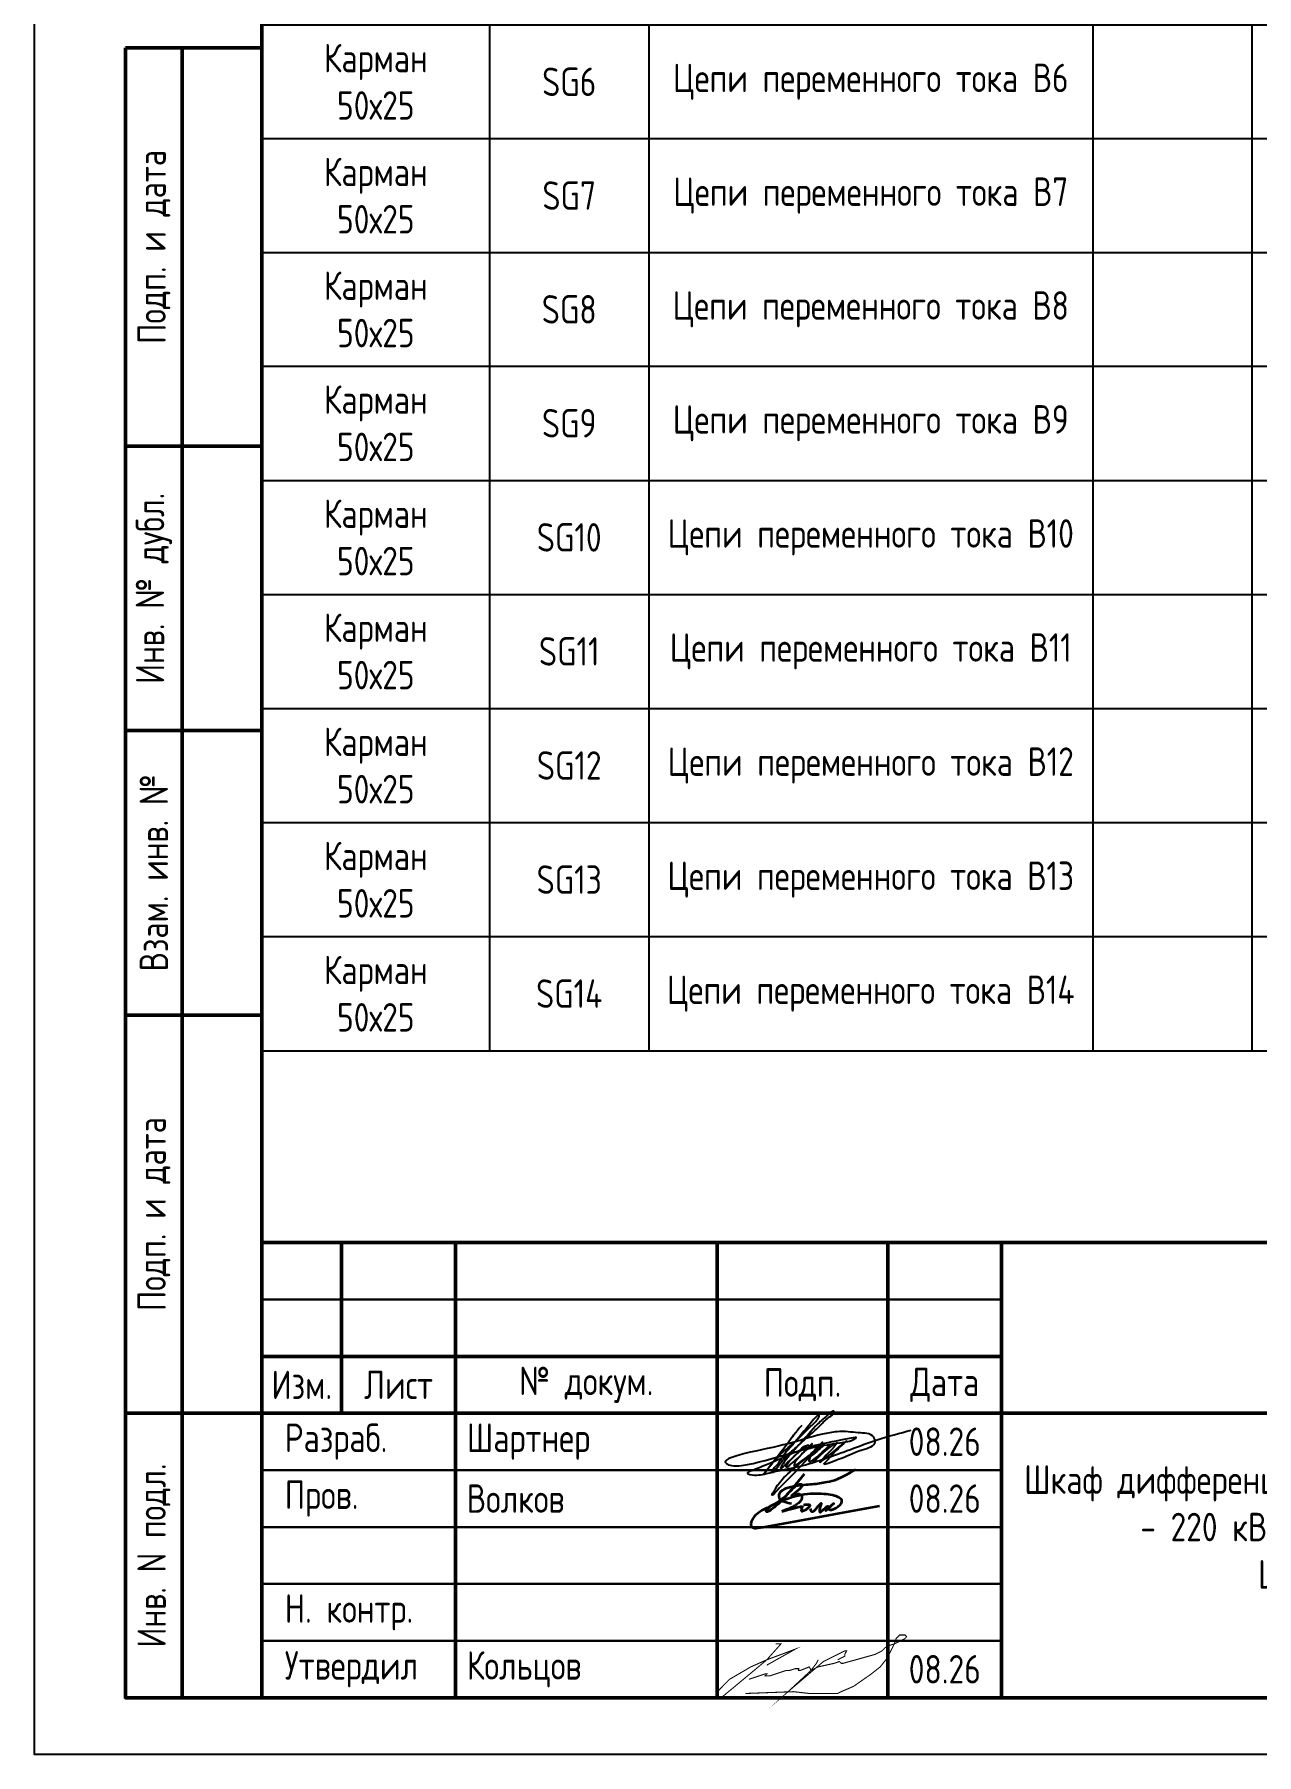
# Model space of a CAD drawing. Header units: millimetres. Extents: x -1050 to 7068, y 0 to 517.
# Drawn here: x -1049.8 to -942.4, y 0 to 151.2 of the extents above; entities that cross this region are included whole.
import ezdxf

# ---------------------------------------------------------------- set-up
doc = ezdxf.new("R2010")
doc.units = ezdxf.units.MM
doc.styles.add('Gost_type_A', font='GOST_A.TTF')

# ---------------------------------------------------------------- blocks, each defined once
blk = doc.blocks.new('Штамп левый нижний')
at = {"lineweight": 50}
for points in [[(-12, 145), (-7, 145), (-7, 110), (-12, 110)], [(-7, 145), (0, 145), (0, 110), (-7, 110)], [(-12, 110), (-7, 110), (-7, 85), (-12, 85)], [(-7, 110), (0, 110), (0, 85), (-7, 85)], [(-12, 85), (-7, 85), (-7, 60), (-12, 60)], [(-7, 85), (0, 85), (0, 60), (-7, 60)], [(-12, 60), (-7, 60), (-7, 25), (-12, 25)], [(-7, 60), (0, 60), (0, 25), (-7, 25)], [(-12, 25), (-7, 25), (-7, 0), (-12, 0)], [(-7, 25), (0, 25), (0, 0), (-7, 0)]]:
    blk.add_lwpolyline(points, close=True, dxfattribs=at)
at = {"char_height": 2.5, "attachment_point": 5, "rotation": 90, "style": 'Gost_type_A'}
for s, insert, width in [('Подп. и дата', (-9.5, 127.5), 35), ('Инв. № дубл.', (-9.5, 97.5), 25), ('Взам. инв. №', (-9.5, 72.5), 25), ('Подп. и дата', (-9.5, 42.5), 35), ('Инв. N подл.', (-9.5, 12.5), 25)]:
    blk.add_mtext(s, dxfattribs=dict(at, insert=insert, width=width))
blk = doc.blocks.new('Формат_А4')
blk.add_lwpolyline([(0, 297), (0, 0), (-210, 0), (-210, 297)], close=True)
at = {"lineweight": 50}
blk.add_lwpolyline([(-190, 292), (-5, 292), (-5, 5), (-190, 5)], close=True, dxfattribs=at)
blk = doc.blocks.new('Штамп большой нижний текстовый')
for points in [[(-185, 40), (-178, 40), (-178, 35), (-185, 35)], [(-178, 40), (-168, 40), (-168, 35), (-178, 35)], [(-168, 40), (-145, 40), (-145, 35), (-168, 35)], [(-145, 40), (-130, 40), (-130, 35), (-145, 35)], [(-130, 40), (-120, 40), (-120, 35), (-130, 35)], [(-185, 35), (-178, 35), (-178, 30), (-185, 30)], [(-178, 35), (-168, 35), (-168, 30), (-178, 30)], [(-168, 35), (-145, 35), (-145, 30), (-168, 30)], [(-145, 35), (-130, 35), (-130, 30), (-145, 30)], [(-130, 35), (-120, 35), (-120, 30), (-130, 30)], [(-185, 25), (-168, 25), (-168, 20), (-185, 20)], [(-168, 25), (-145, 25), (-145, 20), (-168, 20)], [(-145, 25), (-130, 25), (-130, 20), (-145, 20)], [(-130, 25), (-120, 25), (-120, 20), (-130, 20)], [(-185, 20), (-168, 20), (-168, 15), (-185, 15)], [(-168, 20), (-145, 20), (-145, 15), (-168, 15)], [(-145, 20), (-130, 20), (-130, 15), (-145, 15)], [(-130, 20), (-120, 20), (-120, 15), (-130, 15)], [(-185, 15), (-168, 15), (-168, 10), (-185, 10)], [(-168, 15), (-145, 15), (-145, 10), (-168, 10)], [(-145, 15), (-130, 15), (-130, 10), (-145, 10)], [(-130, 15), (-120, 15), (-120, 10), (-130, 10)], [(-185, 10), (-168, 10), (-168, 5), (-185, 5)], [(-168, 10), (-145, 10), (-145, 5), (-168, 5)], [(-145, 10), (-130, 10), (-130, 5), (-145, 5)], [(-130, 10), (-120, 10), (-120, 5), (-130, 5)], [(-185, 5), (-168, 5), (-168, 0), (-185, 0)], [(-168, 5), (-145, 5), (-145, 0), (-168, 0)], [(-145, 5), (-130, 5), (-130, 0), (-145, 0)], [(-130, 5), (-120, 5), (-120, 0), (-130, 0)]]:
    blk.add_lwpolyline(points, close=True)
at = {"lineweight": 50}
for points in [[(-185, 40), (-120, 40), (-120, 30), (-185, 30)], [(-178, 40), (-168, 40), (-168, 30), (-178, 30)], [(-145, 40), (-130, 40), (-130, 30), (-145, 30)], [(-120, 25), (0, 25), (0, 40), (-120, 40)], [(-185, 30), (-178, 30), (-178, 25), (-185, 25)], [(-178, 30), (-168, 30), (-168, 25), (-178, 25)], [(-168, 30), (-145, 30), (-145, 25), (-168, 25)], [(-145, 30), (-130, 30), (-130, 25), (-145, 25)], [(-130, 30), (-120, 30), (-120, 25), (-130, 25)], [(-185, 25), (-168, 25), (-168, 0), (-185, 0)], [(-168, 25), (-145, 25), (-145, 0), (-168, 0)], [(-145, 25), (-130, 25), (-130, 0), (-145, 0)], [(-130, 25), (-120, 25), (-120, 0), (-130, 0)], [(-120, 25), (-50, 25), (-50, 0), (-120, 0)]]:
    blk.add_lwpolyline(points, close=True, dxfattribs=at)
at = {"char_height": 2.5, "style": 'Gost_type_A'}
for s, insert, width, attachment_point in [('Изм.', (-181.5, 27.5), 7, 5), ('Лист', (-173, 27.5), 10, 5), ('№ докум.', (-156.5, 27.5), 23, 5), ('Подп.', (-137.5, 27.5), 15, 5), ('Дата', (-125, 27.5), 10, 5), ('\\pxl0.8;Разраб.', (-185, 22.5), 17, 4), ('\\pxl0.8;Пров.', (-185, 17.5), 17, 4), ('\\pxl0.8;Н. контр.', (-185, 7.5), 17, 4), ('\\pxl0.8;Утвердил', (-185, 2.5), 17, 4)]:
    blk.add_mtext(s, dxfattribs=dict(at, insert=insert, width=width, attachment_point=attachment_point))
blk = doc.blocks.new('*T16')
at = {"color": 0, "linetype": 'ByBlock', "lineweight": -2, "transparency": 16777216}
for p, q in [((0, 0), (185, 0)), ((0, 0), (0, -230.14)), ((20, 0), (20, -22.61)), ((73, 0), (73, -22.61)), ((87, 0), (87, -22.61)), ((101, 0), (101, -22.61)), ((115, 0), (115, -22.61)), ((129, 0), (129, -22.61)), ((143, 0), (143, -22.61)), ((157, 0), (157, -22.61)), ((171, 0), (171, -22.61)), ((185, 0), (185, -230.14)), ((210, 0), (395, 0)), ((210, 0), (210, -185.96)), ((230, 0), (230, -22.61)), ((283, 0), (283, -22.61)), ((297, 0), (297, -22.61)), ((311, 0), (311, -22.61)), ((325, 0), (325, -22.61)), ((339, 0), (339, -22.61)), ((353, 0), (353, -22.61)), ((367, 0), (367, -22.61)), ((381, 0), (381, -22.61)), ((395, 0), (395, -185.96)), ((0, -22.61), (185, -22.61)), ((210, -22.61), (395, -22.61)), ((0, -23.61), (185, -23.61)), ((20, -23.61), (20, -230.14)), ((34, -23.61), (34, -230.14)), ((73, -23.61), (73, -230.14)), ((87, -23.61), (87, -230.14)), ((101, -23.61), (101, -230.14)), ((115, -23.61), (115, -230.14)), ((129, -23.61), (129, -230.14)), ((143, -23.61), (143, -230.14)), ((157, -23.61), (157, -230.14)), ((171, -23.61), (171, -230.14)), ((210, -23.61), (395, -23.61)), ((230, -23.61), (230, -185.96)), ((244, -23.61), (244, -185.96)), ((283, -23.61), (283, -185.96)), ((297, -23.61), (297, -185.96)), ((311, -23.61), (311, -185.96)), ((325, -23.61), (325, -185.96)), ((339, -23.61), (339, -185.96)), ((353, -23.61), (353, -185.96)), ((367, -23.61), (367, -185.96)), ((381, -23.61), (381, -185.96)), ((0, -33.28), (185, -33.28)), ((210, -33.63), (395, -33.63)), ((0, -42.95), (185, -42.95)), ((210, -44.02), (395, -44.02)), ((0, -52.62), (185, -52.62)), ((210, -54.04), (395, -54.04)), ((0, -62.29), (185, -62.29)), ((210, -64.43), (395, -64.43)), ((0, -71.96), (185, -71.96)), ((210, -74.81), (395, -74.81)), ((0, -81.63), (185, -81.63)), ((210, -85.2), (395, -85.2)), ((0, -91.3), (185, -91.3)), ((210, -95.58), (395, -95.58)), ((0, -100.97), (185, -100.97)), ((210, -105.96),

□ □ □

▶ [BRIEF]: Copy out every line from the material above in which the word "dict" appears.

▶ [EXERCISE RESPONSE]:
    blk.add_mtext(s, dxfattribs=dict(at, insert=insert, width=width))
    blk.add_mtext(s, dxfattribs=dict(at, insert=insert, width=width, attachment_point=attachment_point))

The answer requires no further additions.